Restate each line below word for word, skipping every picture.
-- Opening Marker --
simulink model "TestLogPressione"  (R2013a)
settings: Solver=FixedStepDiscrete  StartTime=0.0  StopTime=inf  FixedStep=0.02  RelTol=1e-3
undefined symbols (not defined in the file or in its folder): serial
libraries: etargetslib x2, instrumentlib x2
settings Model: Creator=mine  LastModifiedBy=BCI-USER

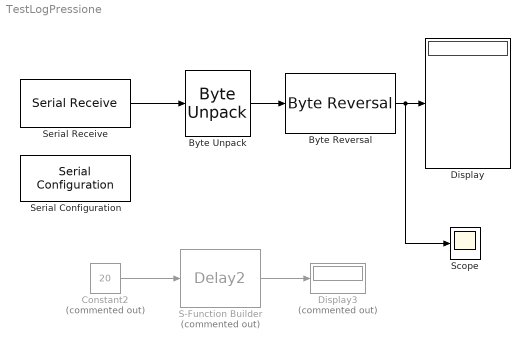
== system TestLogPressione ==
  Byte Reversal : etargetslib/Byte Reversal  numInp=1
  Byte Unpack : etargetslib/Byte Unpack  dimensions={[1]}  datatypes={'int32'}  byteAlign=1
  Constant2 : Constant  Commented=on  Value=20  OutDataTypeStr=uint32  SampleTime=-1
  Display : Display
  Display3 : Display  Commented=on
  S-Function Builder : S-Function  Commented=on  InitFcn=try, set_param(gcb,'FunctionName','Delay2'), end  FunctionName=Delay2  SFunctionModules=Delay2_wrapper  EnableBusSupport=off  mask(S-Function Builder){}
      mask help: Simulink:masks:SFunctionBuilder_MD
      mask init:
      | val = [[.9  0.75 0.75 1 1 .9 .9 1]',[1 1 0.75 0.75 .9 .9 1 .9]'];try , sys = get_param(gcb,'SfunBuilderFcnName');if isempty(sys), sys = get_param(gcb,'FunctionName'); end,catch, sys = get_param(gcb,'FunctionName'); end
      settings: CopyFcn=set_param(gcbh,'LinkStatus','none')  PreSaveFcn=try, set_param(gcb,'FunctionName','Delay2'), end  OpenFcn=sfunctionwizard(gcbh)
      mask Display: plot(val(:,1),val(:,2)),disp(sys), port_label('input',1,'u0'), port_label('output',1,'y0')
  Scope : Scope
      settings: YMin=237000  YMax=244500
  Serial Configuration : instrumentlib/Serial Configuration  Priority=-200000  ComPortMenu=COM23  ComPort=COM23  ObjConstructor=serial('COM23');  BaudRate=115200  DataBits=8  Parity=none  StopBits=1  FlowControl=none  Timeout=5  ByteOrder=LittleEndian
  Serial Receive : instrumentlib/Serial Receive  ComPortMenu=COM23  ComPort=COM23  ObjConstructor=serial('COM23');  Terminator=<none>  DataSize="[4  1]"  DataType=uint8  EnableBlockingMode=on  ActionDataUnavailable=Output last received value  CustomValue=0  SampleTime=-1
  wires:
  Constant2/1 -> S-Function Builder/1
  S-Function Builder/1 -> Display3/1
  Serial Receive/1 -> Byte Unpack/1
  Byte Reversal/1 -> Scope/1, Display/1
  Byte Unpack/1 -> Byte Reversal/1
-- Closing Marker --
_WRITTEN SOLUTION:_
simulink model "TestLogPressione"  (R2013a)
settings: Solver=FixedStepDiscrete  StartTime=0.0  StopTime=inf  FixedStep=0.02  RelTol=1e-3
undefined symbols (not defined in the file or in its folder): serial
libraries: etargetslib x2, instrumentlib x2
settings Model: Creator=mine  LastModifiedBy=BCI-USER

== system TestLogPressione ==
  Byte Reversal : etargetslib/Byte Reversal  numInp=1
  Byte Unpack : etargetslib/Byte Unpack  dimensions={[1]}  datatypes={'int32'}  byteAlign=1
  Constant2 : Constant  Commented=on  Value=20  OutDataTypeStr=uint32  SampleTime=-1
  Display : Display
  Display3 : Display  Commented=on
  S-Function Builder : S-Function  Commented=on  InitFcn=try, set_param(gcb,'FunctionName','Delay2'), end  FunctionName=Delay2  SFunctionModules=Delay2_wrapper  EnableBusSupport=off  mask(S-Function Builder){}
      mask help: Simulink:masks:SFunctionBuilder_MD
      mask init:
      | val = [[.9  0.75 0.75 1 1 .9 .9 1]',[1 1 0.75 0.75 .9 .9 1 .9]'];try , sys = get_param(gcb,'SfunBuilderFcnName');if isempty(sys), sys = get_param(gcb,'FunctionName'); end,catch, sys = get_param(gcb,'FunctionName'); end
      settings: CopyFcn=set_param(gcbh,'LinkStatus','none')  PreSaveFcn=try, set_param(gcb,'FunctionName','Delay2'), end  OpenFcn=sfunctionwizard(gcbh)
      mask Display: plot(val(:,1),val(:,2)),disp(sys), port_label('input',1,'u0'), port_label('output',1,'y0')
  Scope : Scope
      settings: YMin=237000  YMax=244500
  Serial Configuration : instrumentlib/Serial Configuration  Priority=-200000  ComPortMenu=COM23  ComPort=COM23  ObjConstructor=serial('COM23');  BaudRate=115200  DataBits=8  Parity=none  StopBits=1  FlowControl=none  Timeout=5  ByteOrder=LittleEndian
  Serial Receive : instrumentlib/Serial Receive  ComPortMenu=COM23  ComPort=COM23  ObjConstructor=serial('COM23');  Terminator=<none>  DataSize="[4  1]"  DataType=uint8  EnableBlockingMode=on  ActionDataUnavailable=Output last received value  CustomValue=0  SampleTime=-1
  wires:
  Constant2/1 -> S-Function Builder/1
  S-Function Builder/1 -> Display3/1
  Serial Receive/1 -> Byte Unpack/1
  Byte Reversal/1 -> Scope/1, Display/1
  Byte Unpack/1 -> Byte Reversal/1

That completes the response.